Audio News for November 6th to November 12th, 2005.
Welcome to the Audio News from Archaeologica! I’m Laura Kelley and these are the headlines in archaeological and historical news from November 6th to November 12th, 2005.
Excavations reveal oldest church in Israel
Our first story is from Israel, where inmates in a top security prison helped discover one of Christianity's earliest churches. Experts hailed the discovery of the church in the northern Israeli town of Megiddo, near the biblical Armageddon, as an important discovery that
could reveal details about the development of early Christian practices. Archaeologists said the structure dated to the third century, decades before Constantine legalized Christianity across the Byzantine Empire. According to Yotam Tepper, the excavation's head archaeologist, what's clear is that it's the oldest archaeological remains of a church in Israel, maybe even in the entire region. Prime Minister Ariel Sharon called the church an amazing story, and the Vatican also hailed the find.

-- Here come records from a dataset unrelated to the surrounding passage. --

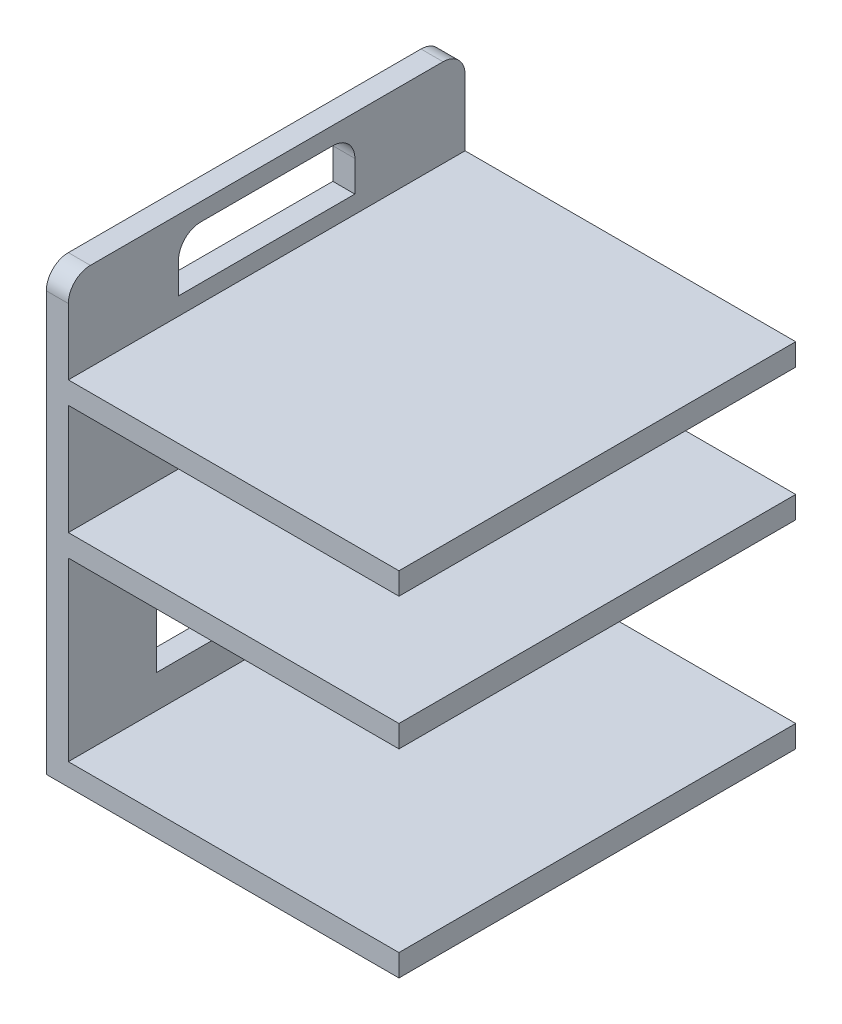
ISO-10303-21;
HEADER;
FILE_DESCRIPTION(('STEP AP214'),'2;1');
FILE_NAME('part.step','',(''),(''),'','','');
FILE_SCHEMA(('AUTOMOTIVE_DESIGN { 1 0 10303 214 1 1 1 1 }'));
ENDSEC;
DATA;
#1=APPLICATION_CONTEXT('core data for automotive mechanical design processes');
#2=APPLICATION_PROTOCOL_DEFINITION('international standard','automotive_design',2000,#1);
#3=PRODUCT_CONTEXT('',#1,'mechanical');
#4=PRODUCT('Part','Part','',(#3));
#5=PRODUCT_RELATED_PRODUCT_CATEGORY('part','',(#4));
#6=PRODUCT_DEFINITION_FORMATION('','',#4);
#7=PRODUCT_DEFINITION_CONTEXT('part definition',#1,'design');
#8=PRODUCT_DEFINITION('design','',#6,#7);
#9=PRODUCT_DEFINITION_SHAPE('','',#8);
#10=(LENGTH_UNIT() NAMED_UNIT(*) SI_UNIT(.MILLI.,.METRE.));
#11=(NAMED_UNIT(*) PLANE_ANGLE_UNIT() SI_UNIT($,.RADIAN.));
#12=(NAMED_UNIT(*) SI_UNIT($,.STERADIAN.) SOLID_ANGLE_UNIT());
#13=UNCERTAINTY_MEASURE_WITH_UNIT(LENGTH_MEASURE(1.E-05),#10,'distance_accuracy_value','');
#14=(GEOMETRIC_REPRESENTATION_CONTEXT(3) GLOBAL_UNCERTAINTY_ASSIGNED_CONTEXT((#13)) GLOBAL_UNIT_ASSIGNED_CONTEXT((#10,
#11,#12)) REPRESENTATION_CONTEXT('',''));
#15=CARTESIAN_POINT('',(0.,0.,0.));
#16=DIRECTION('',(0.,0.,1.));
#17=DIRECTION('',(1.,0.,0.));
#18=AXIS2_PLACEMENT_3D('',#15,#16,#17);
#19=CARTESIAN_POINT('',(5.,0.,0.));
#20=DIRECTION('',(1.,0.,0.));
#21=DIRECTION('',(0.,0.,-1.));
#22=AXIS2_PLACEMENT_3D('',#19,#20,#21);
#23=PLANE('',#22);
#24=DIRECTION('',(0.,-1.,0.));
#25=VECTOR('',#24,1.);
#26=CARTESIAN_POINT('',(5.,0.,-20.));
#27=LINE('',#26,#25);
#28=CARTESIAN_POINT('',(5.,-22.5,-20.));
#29=VERTEX_POINT('',#28);
#30=CARTESIAN_POINT('',(5.,-42.5,-20.));
#31=VERTEX_POINT('',#30);
#32=EDGE_CURVE('E259',#29,#31,#27,.T.);
#33=ORIENTED_EDGE('',*,*,#32,.F.);
#34=CARTESIAN_POINT('',(5.,-22.5,-25.));
#35=DIRECTION('',(1.,0.,0.));
#36=DIRECTION('',(0.,0.,-1.));
#37=AXIS2_PLACEMENT_3D('',#34,#35,#36);
#38=CIRCLE('',#37,5.);
#39=CARTESIAN_POINT('',(5.,-17.5,-25.));
#40=VERTEX_POINT('',#39);
#41=EDGE_CURVE('E499',#29,#40,#38,.F.);
#42=ORIENTED_EDGE('',*,*,#41,.T.);
#43=DIRECTION('',(0.,0.,-1.));
#44=VECTOR('',#43,1.);
#45=CARTESIAN_POINT('',(5.,-17.5,0.));
#46=LINE('',#45,#44);
#47=CARTESIAN_POINT('',(5.,-17.5,-65.));
#48=VERTEX_POINT('',#47);
#49=EDGE_CURVE('E264',#40,#48,#46,.T.);
#50=ORIENTED_EDGE('',*,*,#49,.T.);
#51=CARTESIAN_POINT('',(5.,-22.5,-65.));
#52=DIRECTION('',(1.,0.,0.));
#53=DIRECTION('',(0.,0.,-1.));
#54=AXIS2_PLACEMENT_3D('',#51,#52,#53);
#55=CIRCLE('',#54,5.);
#56=CARTESIAN_POINT('',(5.,-22.5,-70.));
#57=VERTEX_POINT('',#56);
#58=EDGE_CURVE('E502',#48,#57,#55,.F.);
#59=ORIENTED_EDGE('',*,*,#58,.T.);
#60=DIRECTION('',(0.,-1.,0.));
#61=VECTOR('',#60,1.);
#62=CARTESIAN_POINT('',(5.,0.,-70.));
#63=LINE('',#62,#61);
#64=CARTESIAN_POINT('',(5.,-42.5,-70.));
#65=VERTEX_POINT('',#64);
#66=EDGE_CURVE('E289',#57,#65,#63,.T.);
#67=ORIENTED_EDGE('',*,*,#66,.T.);
#68=DIRECTION('',(0.,0.,-1.));
#69=VECTOR('',#68,1.);
#70=CARTESIAN_POINT('',(5.,-42.5,0.));
#71=LINE('',#70,#69);
#72=EDGE_CURVE('E282',#31,#65,#71,.T.);
#73=ORIENTED_EDGE('',*,*,#72,.F.);
#74=EDGE_LOOP('',(#33,#42,#50,#59,#67,#73));
#75=FACE_BOUND('',#74,.T.);
#76=DIRECTION('',(0.,-1.,0.));
#77=VECTOR('',#76,1.);
#78=CARTESIAN_POINT('',(5.,0.,0.));
#79=LINE('',#78,#77);
#80=CARTESIAN_POINT('',(5.,-10.,0.));
#81=VERTEX_POINT('',#80);
#82=CARTESIAN_POINT('',(5.,-50.,0.));
#83=VERTEX_POINT('',#82);
#84=EDGE_CURVE('E426',#81,#83,#79,.T.);
#85=ORIENTED_EDGE('',*,*,#84,.T.);
#86=DIRECTION('',(0.,0.,1.));
#87=VECTOR('',#86,1.);
#88=CARTESIAN_POINT('',(5.,-50.,0.));
#89=LINE('',#88,#87);
#90=CARTESIAN_POINT('',(5.,-50.,-90.));
#91=VERTEX_POINT('',#90);
#92=EDGE_CURVE('E347',#91,#83,#89,.T.);
#93=ORIENTED_EDGE('',*,*,#92,.F.);
#94=DIRECTION('',(0.,-1.,0.));
#95=VECTOR('',#94,1.);
#96=CARTESIAN_POINT('',(5.,0.,-90.));
#97=LINE('',#96,#95);
#98=CARTESIAN_POINT('',(5.,-10.,-90.));
#99=VERTEX_POINT('',#98);
#100=EDGE_CURVE('E423',#99,#91,#97,.T.);
#101=ORIENTED_EDGE('',*,*,#100,.F.);
#102=DIRECTION('',(0.,0.,-1.));
#103=VECTOR('',#102,1.);
#104=CARTESIAN_POINT('',(5.,-10.,0.));
#105=LINE('',#104,#103);
#106=EDGE_CURVE('E372',#81,#99,#105,.T.);
#107=ORIENTED_EDGE('',*,*,#106,.F.);
#108=EDGE_LOOP('',(#85,#93,#101,#107));
#109=FACE_BOUND('',#108,.T.);
#110=ADVANCED_FACE('F32',(#75,#109),#23,.T.);
#111=DIRECTION('',(0.,-1.,0.));
#112=VECTOR('',#111,1.);
#113=CARTESIAN_POINT('',(5.,0.,-25.));
#114=LINE('',#113,#112);
#115=CARTESIAN_POINT('',(5.,36.,-25.));
#116=VERTEX_POINT('',#115);
#117=CARTESIAN_POINT('',(5.,29.,-25.));
#118=VERTEX_POINT('',#117);
#119=EDGE_CURVE('E328',#116,#118,#114,.T.);
#120=ORIENTED_EDGE('',*,*,#119,.F.);
#121=CARTESIAN_POINT('',(5.,36.,-30.));
#122=DIRECTION('',(1.,0.,0.));
#123=DIRECTION('',(0.,0.,-1.));
#124=AXIS2_PLACEMENT_3D('',#121,#122,#123);
#125=CIRCLE('',#124,5.);
#126=CARTESIAN_POINT('',(5.,41.,-30.));
#127=VERTEX_POINT('',#126);
#128=EDGE_CURVE('E477',#116,#127,#125,.F.);
#129=ORIENTED_EDGE('',*,*,#128,.T.);
#130=DIRECTION('',(0.,0.,-1.));
#131=VECTOR('',#130,1.);
#132=CARTESIAN_POINT('',(5.,41.,0.));
#133=LINE('',#132,#131);
#134=CARTESIAN_POINT('',(5.,41.,-60.));
#135=VERTEX_POINT('',#134);
#136=EDGE_CURVE('E335',#127,#135,#133,.T.);
#137=ORIENTED_EDGE('',*,*,#136,.T.);
#138=CARTESIAN_POINT('',(5.,36.,-60.));
#139=DIRECTION('',(1.,0.,0.));
#140=DIRECTION('',(0.,0.,-1.));
#141=AXIS2_PLACEMENT_3D('',#138,#139,#140);
#142=CIRCLE('',#141,5.);
#143=CARTESIAN_POINT('',(5.,36.,-65.));
#144=VERTEX_POINT('',#143);
#145=EDGE_CURVE('E473',#135,#144,#142,.F.);
#146=ORIENTED_EDGE('',*,*,#145,.T.);
#147=DIRECTION('',(0.,-1.,0.));
#148=VECTOR('',#147,1.);
#149=CARTESIAN_POINT('',(5.,0.,-65.));
#150=LINE('',#149,#148);
#151=CARTESIAN_POINT('',(5.,29.,-65.));
#152=VERTEX_POINT('',#151);
#153=EDGE_CURVE('E333',#144,#152,#150,.T.);
#154=ORIENTED_EDGE('',*,*,#153,.T.);
#155=DIRECTION('',(0.,0.,-1.));
#156=VECTOR('',#155,1.);
#157=CARTESIAN_POINT('',(5.,29.,0.));
#158=LINE('',#157,#156);
#159=EDGE_CURVE('E330',#118,#152,#158,.T.);
#160=ORIENTED_EDGE('',*,*,#159,.F.);
#161=EDGE_LOOP('',(#120,#129,#137,#146,#154,#160));
#162=FACE_BOUND('',#161,.T.);
#163=CARTESIAN_POINT('',(5.,40.,-90.));
#164=VERTEX_POINT('',#163);
#165=CARTESIAN_POINT('',(5.,25.,-90.));
#166=VERTEX_POINT('',#165);
#167=EDGE_CURVE('E419',#164,#166,#97,.T.);
#168=ORIENTED_EDGE('',*,*,#167,.F.);
#169=CARTESIAN_POINT('',(5.,40.,-85.));
#170=DIRECTION('',(1.,0.,0.));
#171=DIRECTION('',(0.,0.,-1.));
#172=AXIS2_PLACEMENT_3D('',#169,#170,#171);
#173=CIRCLE('',#172,5.);
#174=CARTESIAN_POINT('',(5.,45.,-85.));
#175=VERTEX_POINT('',#174);
#176=EDGE_CURVE('E468',#164,#175,#173,.T.);
#177=ORIENTED_EDGE('',*,*,#176,.T.);
#178=DIRECTION('',(0.,0.,-1.));
#179=VECTOR('',#178,1.);
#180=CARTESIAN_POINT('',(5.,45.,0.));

Two mosaics were also discovered inside the church. One covered with fish, an ancient Christian symbol that predates the cross, tells the story of a Roman officer and a woman named Aketous who donated money to build the church in the memory of Jesus Christ. The inscription, which specifies that Aketous donated a table to the church, indicates that the house of worship predated the Byzantine era, when Christians began using altars in place of tables in their rituals. Remnants of a table were uncovered between the two mosaics. The building was not built in the standard Basilica style of the Byzantine era. As with most Biblical archaeology finds, critics abound. Joe Zias, an anthropologist and former curator with the antiquities authority, questioned the dating of the find, saying there is no evidence of churches before the fourth century. The building may have been in use earlier, but most likely not for Christian religious purposes, he said. The dig is continuing as archaeologists try to uncover the rest of the building and its surroundings, including what they believe could be a baptismal site.
Cretan treasures demonstrate early Greek writing
In Crete, archeologists have found archeological treasures containing some of the earliest known examples of Greek writing. Artifacts excavated at a long-abandoned site on a hill overlooking the port of Chania in Western Crete have been identified with the Minoan city of Kydonia. The pieces included an amphora containing an intact text written in Linear B, the language of the court at Mycenae where the legendary Agamemnon ruled. Two terracotta tablets containing texts in the older, yet undeciphered, Linear A were also found. The Ministry of Culture said the archeologists found evidence of a violent fire that destroyed a town on the site around 1450 BC. Excavations uncovered traces of a road and two ceramic ovens from the Roman period. The researchers also found traces of a cemetery containing amphorae and funerary urns dating to the time when the ancient Greeks set off to invade Sicily in the late fifth century BC. The vessels contained the bones of infants, indicating perhaps a high rate of infant mortality at that time. Interestingly, the ministry also commented on the future of the site, saying it may eventually be turned into an open-air museum.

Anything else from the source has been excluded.